除开苏叙,现在眼前站着的人,并不是我的家人。
我冷冷一笑,挺直了背脊,说。
“我什么也不缺,至于帮忙,我想周奕琛可以为我解决一切。”
听着我的话,年洁满意般地点了点头。
“但,大伯——”
我看向苏绍堂,往他身前凑了凑,面上装作在与他说悄悄话,却故意用年洁能听到音量说了一句。
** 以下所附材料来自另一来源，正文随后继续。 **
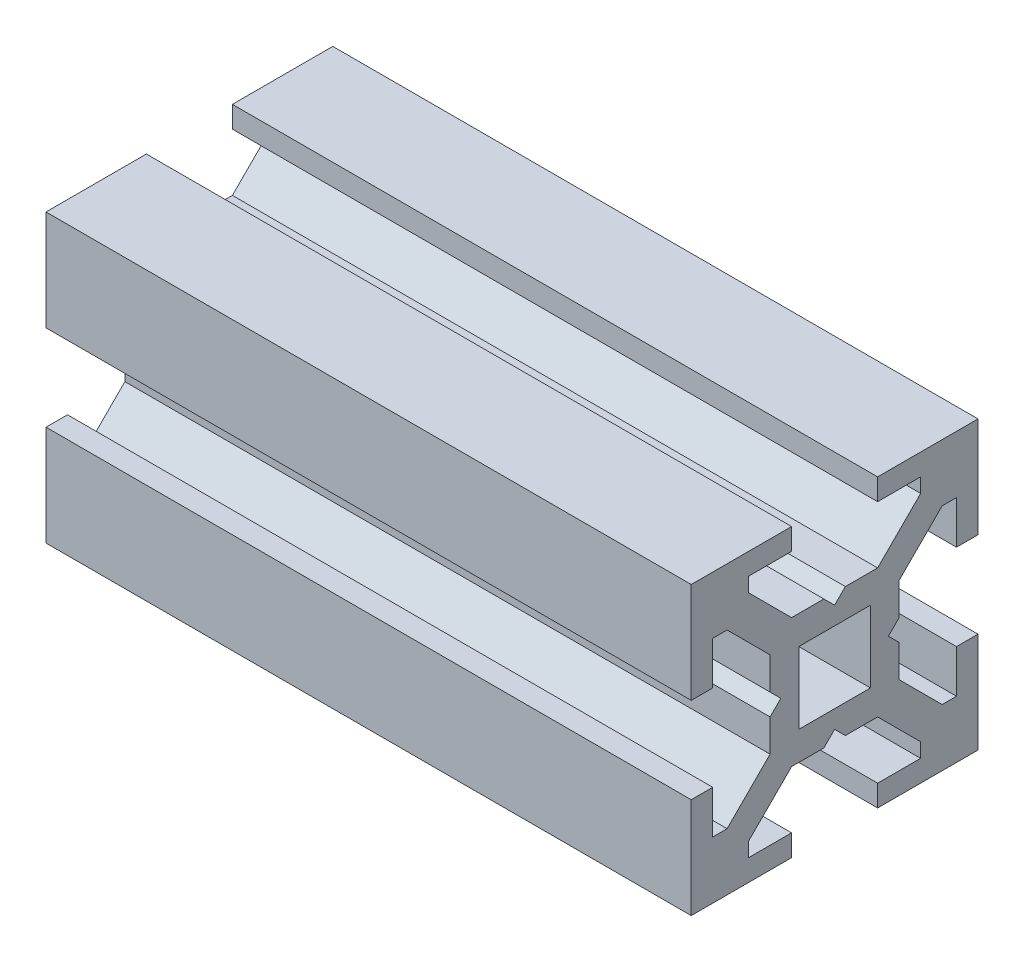
SolidWorks part; units mm, degrees
ref_plane "Front Plane" through (0, 0, 0) normal (0, 0, 1) x (1, 0, 0)
ref_plane "Top Plane" through (0, 0, 0) normal (0, 1, 0) x (1, 0, 0)
ref_plane "Right Plane" through (0, 0, 0) normal (1, 0, 0) x (0, 0, -1)
sketch "Sketch1" plane through (0, 0, 0) normal (1, 0, 0) x (0, 0, -1)
  line L0 (-27.451, 0) -> (27.451, 0) construction
  line L5 (0, -31.0196) -> (0, 26.6275) construction
  line L6 (-10, 10) -> (-3, 10)
  line L7 (-10, 10) -> (-10, 3)
  line L8 (-3, 10) -> (-3, 8.5)
  line L11 (-8.5, 3) -> (-10, 3)
  line L17 (3, 8.5) -> (3, 10)
  line L18 (-0.75, -4.5) -> (0, -3.75)
  line L22 (-3, 8.5) -> (-6, 8.5)
  line L23 (-8.5, 3) -> (-8.5, 6)
  line L24 (-8.5, 6) -> (-7.5, 6)
  line L25 (-6, 8.5) -> (-6, 7.5)
  line L26 (-7.5, 6) -> (-4.5, 3)
  line L27 (-6, 7.5) -> (-3, 4.5)
  line L29 (4.5, 3) -> (4.5, 0.75)
  line L30 (3, -4.5) -> (0.75, -4.5)
  line L61 (-4.5, 0.75) -> (-3.75, 0)
  line L62 (3, 4.5) -> (0.75, 4.5)
  line L65 (-4.5, -3) -> (-4.5, -0.75)
  line L66 (-2.5, -2.5) -> (2.5, -2.5)
  line L67 (-2.5, -2.5) -> (-2.5, 2.5)
  line L68 (-8.5, -3) -> (-10, -3)
  line L73 (4.5, -0.75) -> (3.75, 0)
  line L75 (-4.5, -0.75) -> (-3.75, 0)
  line L76 (-8.5, -3) -> (-8.5, -6)
  line L77 (-7.5, -6) -> (-4.5, -3)
  line L78 (-6, -7.5) -> (-3, -4.5)
  line L79 (-3, -8.5) -> (-6, -8.5)
  line L80 (-3, -10) -> (-3, -8.5)
  line L81 (-10, -10) -> (-3, -10)
  line L82 (-10, -10) -> (-10, -3)
  line L83 (-6, -8.5) -> (-6, -7.5)
  line L84 (-8.5, -6) -> (-7.5, -6)
  line L85 (4.5, 0.75) -> (3.75, 0)
  line L86 (10, -10) -> (10, -3)
  line L87 (8.5, -3) -> (10, -3)
  line L88 (8.5, -3) -> (8.5, -6)
  line L89 (8.5, -6) -> (7.5, -6)
  line L90 (6, -8.5) -> (6, -7.5)
  line L91 (10, -10) -> (3, -10)
  line L92 (3, -10) -> (3, -8.5)
  line L93 (3, -8.5) -> (6, -8.5)
  line L94 (6, -7.5) -> (3, -4.5)
  line L95 (7.5, -6) -> (4.5, -3)
  line L96 (6, 7.5) -> (3, 4.5)
  line L97 (7.5, 6) -> (4.5, 3)
  line L98 (8.5, 6) -> (7.5, 6)
  line L99 (8.5, 3) -> (10, 3)
  line L100 (8.5, 3) -> (8.5, 6)
  line L101 (10, 10) -> (10, 3)
  line L102 (6, 8.5) -> (6, 7.5)
  line L103 (3, 8.5) -> (6, 8.5)
  line L104 (10, 10) -> (3, 10)
  line L105 (4.5, -0.75) -> (4.5, -3)
  line L106 (-4.5, 0.75) -> (-4.5, 3)
  line L107 (-0.75, 4.5) -> (0, 3.75)
  line L108 (0, 3.75) -> (0.75, 4.5)
  line L109 (-0.75, 4.5) -> (-3, 4.5)
  line L110 (-2.5, 2.5) -> (2.5, 2.5)
  line L111 (2.5, -2.5) -> (2.5, 2.5)
  line L112 (-2.5, -2.5) -> (2.5, 2.5) construction
  line L113 (-2.5, 2.5) -> (2.5, -2.5) construction
  line L114 (0, -3.75) -> (0.75, -4.5)
  line L115 (-0.75, -4.5) -> (-3, -4.5)
  point P4 (0, 0)
  point P5 (0, 0)
  point P12 (-4.5, 4.5)
  point P13 (4.5, -4.5)
  point P14 (4.5, 4.5)
  point P15 (-4.5, -4.5)
  point P16 (0, 0)
  point P25 (0, 0)
  dimension "D1" = 20
  dimension "D2" = 20
  dimension "D3" = 7
  dimension "D4" = 1.5
  dimension "D5" = 5
  dimension "D7" = 3
  dimension "D8" = 1
  dimension "D9" = 45
  dimension "D10" = 45
  dimension "D11" = 45
  dimension "D6" = 6
  dimension "D12" = 1.5
  dimension "D13" = 1.5
  dimension "D14" = 2.25
extrude "Boss-Extrude2" add sketch "Sketch1" along normal blind 45

“您答应我的事儿,一定要做到。您知道的,父亲不在,我多少有些担忧。我能一直留在苏氏久泰吗?”
苏绍堂很显然一愣,年洁亦是。
片刻,苏绍堂一脸正色,笃定地回道。
“当然,你是苏家的孩子,又是二弟唯一的女儿。”
我暗自用余光看了年洁一眼,她嘴角的笑容似乎是支撑不住了,十分僵硬。
数秒后,我接过徐管家手中的大衣和购物袋,扬长而去。
背后传来了一阵嘀咕声,虽然很轻,但我有心听,也听清了一些。
“你怎么答应她?我们儿子怎么办?”
我没走远,苏绍堂当然不会好好回答年洁,他只能低声安慰。
“我有安排,你别说那么多。”
“行吧,总之你记得……”
我吐了口浊气,便加快了脚步。
方才我不过是试探他们的态度,他们也确实没让我失望。
被自己的至亲算计是什么感觉?我想我算是真真切切地体会到了。这样的家人,我宁愿没有。
我曾用真心相对,也不求回报,可我得到的却是无比沉重的利用与背叛。
我之所以过成这样,不怪任何人,只怪曾经的自己太容易心软。总让别人以为我是个软柿子,能随意揉捏。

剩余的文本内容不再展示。